◆ Aim of the task: Please output, exactly and without pictures, the lines from the opening of the listing below through the line containing "-3.175, 3.175, -3.175])", both included.

◆ Data for analysis:
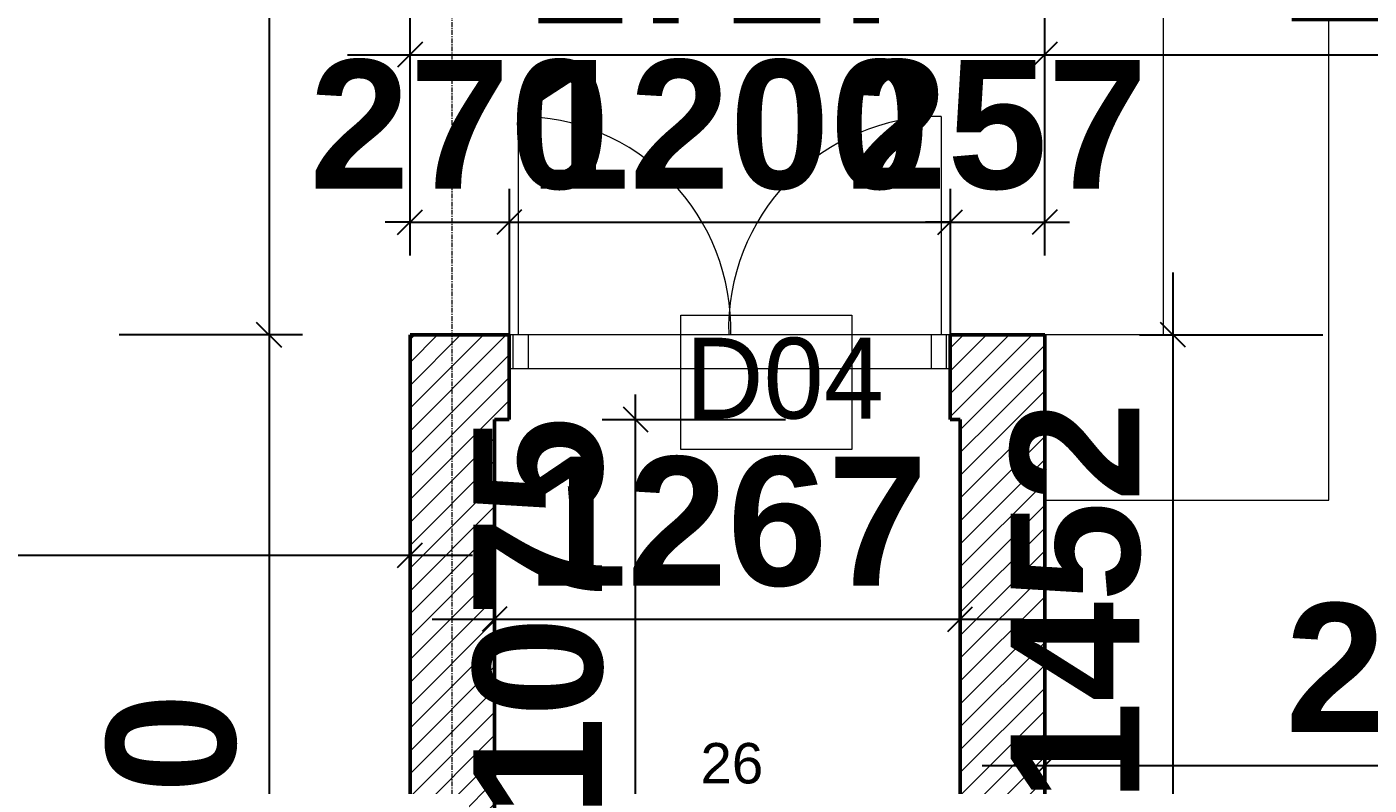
# Model space of a CAD drawing. Header units: inches. Extents: x 22 to 382261, y 22 to 371281.
# Drawn here: x 272583 to 276235, y 211676 to 213740 of the extents above; entities that cross this region are included whole.
import ezdxf

# ---------------------------------------------------------------- set-up
doc = ezdxf.new("R2010")
doc.units = ezdxf.units.IN
doc.header["$MEASUREMENT"] = 0
doc.linetypes.add('Grid Line 1_2_', pattern=[22.225, 12.7, -3.175, 3.175, -3.175])
for name, color, linetype, lineweight in [('A-ANNO-DIMS', 211, 'Continuous', 9), ('A-DETL-GENF', 92, 'Continuous', 9), ('A-DOOR', 31, 'Continuous', 9), ('A-DOOR-IDEN', 31, 'Continuous', 9), ('A-WALL-PATT', 111, 'Continuous', 9), ('I-WALL', 2, 'Continuous', 9), ('Q-CASE', 31, 'Continuous', 9), ('S-GRID', 1, 'Continuous', 9), ('S-STRS-ANNO', 31, 'Continuous', 9)]:
    doc.layers.add(name, color=color, linetype=linetype, lineweight=lineweight)
doc.styles.add('Arial_1', font='arial.ttf', dxfattribs={"height": 340})
doc.styles.add('Arial_B', font='arialbd.ttf', dxfattribs={"height": 350.793651})
doc.styles.add('Tw Cen MT Condensed', font='TCCM____.TTF', dxfattribs={"height": 1.35})
doc.dimstyles.new('2', dxfattribs={"dimscale": 304.8, "dimtxt": 346.888196, "dimasz": 0.221354, "dimexe": 1.338583, "dimexo": 0.0625, "dimgap": 0.278871, "dimtad": 1, "dimdec": 0, "dimzin": 0, "dimdsep": 46, "dimtxsty": 'Arial_B', "dimblk1": 'OBLIQUE', "dimblk2": 'OBLIQUE', "dimsah": 1, "dimcen": 0.09, "dimdle": 0.557743, "dimazin": 0, "dimtfac": 1, "dimtdec": 4, "dimtix": 1, "dimtmove": 0, "dimatfit": 3, "dimfxl": 0.557743, "dimfxlon": 1, "dimtvp": 1, "dimtolj": 1, "dimtzin": 0, "dimarcsym": 2})
pattern_1 = [(45, (255029.064, 214453.94), (-31.1127, 31.1127), [])]

# ---------------------------------------------------------------- blocks, each defined once
blk = doc.blocks.new('Doors_Door-sets_JELD-WEN_Interior_HP_FS12_FCore_Glass10_Double_1_0 - 1200 entaranc ff-788506-02-FIRST FLOOR DIM - PART B')
at = {"layer": 'A-DETL-GENF'}
for p, q in [((-575.8, 709.8), (-575.8, 115)), ((575.8, 709.8), (575.8, 115)), ((-548, 115), (-590, 115)), ((-590, 115), (-590, 23)), ((548, 115), (-548, 115)), ((-548, 23), (-548, 115)), ((548, 115), (548, 23)), ((590, 115), (548, 115)), ((590, 23), (590, 115)), ((-590, 23), (-548, 23)), ((-548, 23), (548, 23)), ((548, 23), (590, 23))]:
    blk.add_line(p, q, dxfattribs=at)
for centre, start, end in [((-575.3, 131.5), 358.365, 90.0495), ((575.3, 131.5), 89.9505, 181.635)]:
    blk.add_arc(centre, 578.3, start, end, dxfattribs=at)
at = {"layer": 'A-DOOR', "lineweight": 18}
for p, q in [((-590, 115), (-600, 115)), ((600, 115), (590, 115)), ((-600, 23), (-590, 23)), ((590, 23), (600, 23))]:
    blk.add_line(p, q, dxfattribs=at)
blk = doc.blocks.new('Casework 30 - Casework 30-869156-02-FIRST FLOOR DIM - PART B')
at = {"layer": 'Q-CASE'}
for p, q in [((21096.2, -2001.8), (21096.2, 1137.2)), ((20646.2, 925.9), (20646.2, -1551.8)), ((20646.2, -1551.8), (20323.3, -1551.8)), ((20323.3, -2001.8), (21096.2, -2001.8))]:
    blk.add_line(p, q, dxfattribs=at)
blk = doc.blocks.new('_Oblique')
at = {"color": 0, "linetype": 'ByBlock', "lineweight": -2}
blk.add_line((-0.5, -0.5), (0.5, 0.5), dxfattribs=at)
blk = doc.blocks.new('*D4183')
at = {"layer": 'A-ANNO-DIMS', "color": 0, "lineweight": -2, "transparency": 16777216}
for p, q in [((275352.4, 211820.6), (275352.4, 211321.6)), ((277752.4, 211820.6), (277752.4, 211321.6)), ((275182.4, 211729.6), (277922.4, 211729.6))]:
    blk.add_line(p, q, dxfattribs=at)
at = {"layer": 'Defpoints', "color": 0, "transparency": 16777216}
for p in [(275352.4, 211839.6), (277752.4, 211839.6), (277752.4, 211729.6)]:
    blk.add_point(p, dxfattribs=at)
at = {"layer": 'A-ANNO-DIMS', "color": 0, "lineweight": -2, "transparency": 16777216, "xscale": 67.46874999999999, "yscale": 67.46874999999999, "zscale": 67.46874999999999, "rotation": 180}
blk.add_blockref('_Oblique', (275352.4, 211729.6), dxfattribs=at)
at = {"layer": 'A-ANNO-DIMS', "color": 0, "lineweight": -2, "transparency": 16777216, "xscale": 67.46874999999999, "yscale": 67.46874999999999, "zscale": 67.46874999999999}
blk.add_blockref('_Oblique', (277752.4, 211729.6), dxfattribs=at)
at = {"layer": 'A-ANNO-DIMS', "color": 0, "transparency": 16777216, "insert": (276552.4, 211993.7), "char_height": 350.79, "width": 820.872, "attachment_point": 5, "style": 'Arial_B'}
blk.add_mtext('\\A1;2400', dxfattribs=at)
blk = doc.blocks.new('*D4184')
at = {"layer": 'A-ANNO-DIMS', "color": 0, "lineweight": -2, "transparency": 16777216}
for p, q in [((273241.6, 223077.1), (273241.6, 212732.1)), ((273332.6, 222907.1), (272833.6, 222907.1)), ((273332.6, 212902.1), (272833.6, 212902.1))]:
    blk.add_line(p, q, dxfattribs=at)
at = {"layer": 'Defpoints', "color": 0, "transparency": 16777216}
for p in [(273351.6, 222907.1), (273241.6, 212902.1), (273351.6, 212902.1)]:
    blk.add_point(p, dxfattribs=at)
at = {"layer": 'A-ANNO-DIMS', "color": 0, "lineweight": -2, "transparency": 16777216, "xscale": 67.46874999999999, "yscale": 67.46874999999999, "zscale": 67.46874999999999}
for p, rotation in [((273241.6, 222907.1), 90), ((273241.6, 212902.1), 270)]:
    blk.add_blockref('_Oblique', p, dxfattribs=dict(at, rotation=rotation))
at = {"layer": 'A-ANNO-DIMS', "color": 0, "transparency": 16777216, "insert": (272977.5, 217904.6), "char_height": 350.79, "width": 1026.089, "attachment_point": 5, "rotation": 90, "style": 'Arial_B'}
blk.add_mtext('\\A1;10005', dxfattribs=at)
blk = doc.blocks.new('*D4185')
at = {"layer": 'A-ANNO-DIMS', "color": 0, "lineweight": -2, "transparency": 16777216}
for p, q in [((273241.6, 213072.1), (273241.6, 209692.1)), ((273332.6, 212902.1), (272833.6, 212902.1)), ((273332.6, 209862.1), (272833.6, 209862.1))]:
    blk.add_line(p, q, dxfattribs=at)
at = {"layer": 'Defpoints', "color": 0, "transparency": 16777216}
for p in [(273351.6, 212902.1), (273241.6, 209862.1), (273351.6, 209862.1)]:
    blk.add_point(p, dxfattribs=at)
at = {"layer": 'A-ANNO-DIMS', "color": 0, "lineweight": -2, "transparency": 16777216, "xscale": 67.46874999999999, "yscale": 67.46874999999999, "zscale": 67.46874999999999}
for p, rotation in [((273241.6, 212902.1), 90), ((273241.6, 209862.1), 270)]:
    blk.add_blockref('_Oblique', p, dxfattribs=dict(at, rotation=rotation))
at = {"layer": 'A-ANNO-DIMS', "color": 0, "transparency": 16777216, "insert": (272977.5, 211382.1), "char_height": 350.79, "width": 820.872, "attachment_point": 5, "rotation": 90, "style": 'Arial_B'}
blk.add_mtext('\\A1;3040', dxfattribs=at)
blk = doc.blocks.new('*D4186')
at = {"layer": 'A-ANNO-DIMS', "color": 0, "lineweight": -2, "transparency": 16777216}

◆ Response to this task:
# Model space of a CAD drawing. Header units: inches. Extents: x 22 to 382261, y 22 to 371281.
# Drawn here: x 272583 to 276235, y 211676 to 213740 of the extents above; entities that cross this region are included whole.
import ezdxf

# ---------------------------------------------------------------- set-up
doc = ezdxf.new("R2010")
doc.units = ezdxf.units.IN
doc.header["$MEASUREMENT"] = 0
doc.linetypes.add('Grid Line 1_2_', pattern=[22.225, 12.7, -3.175, 3.175, -3.175])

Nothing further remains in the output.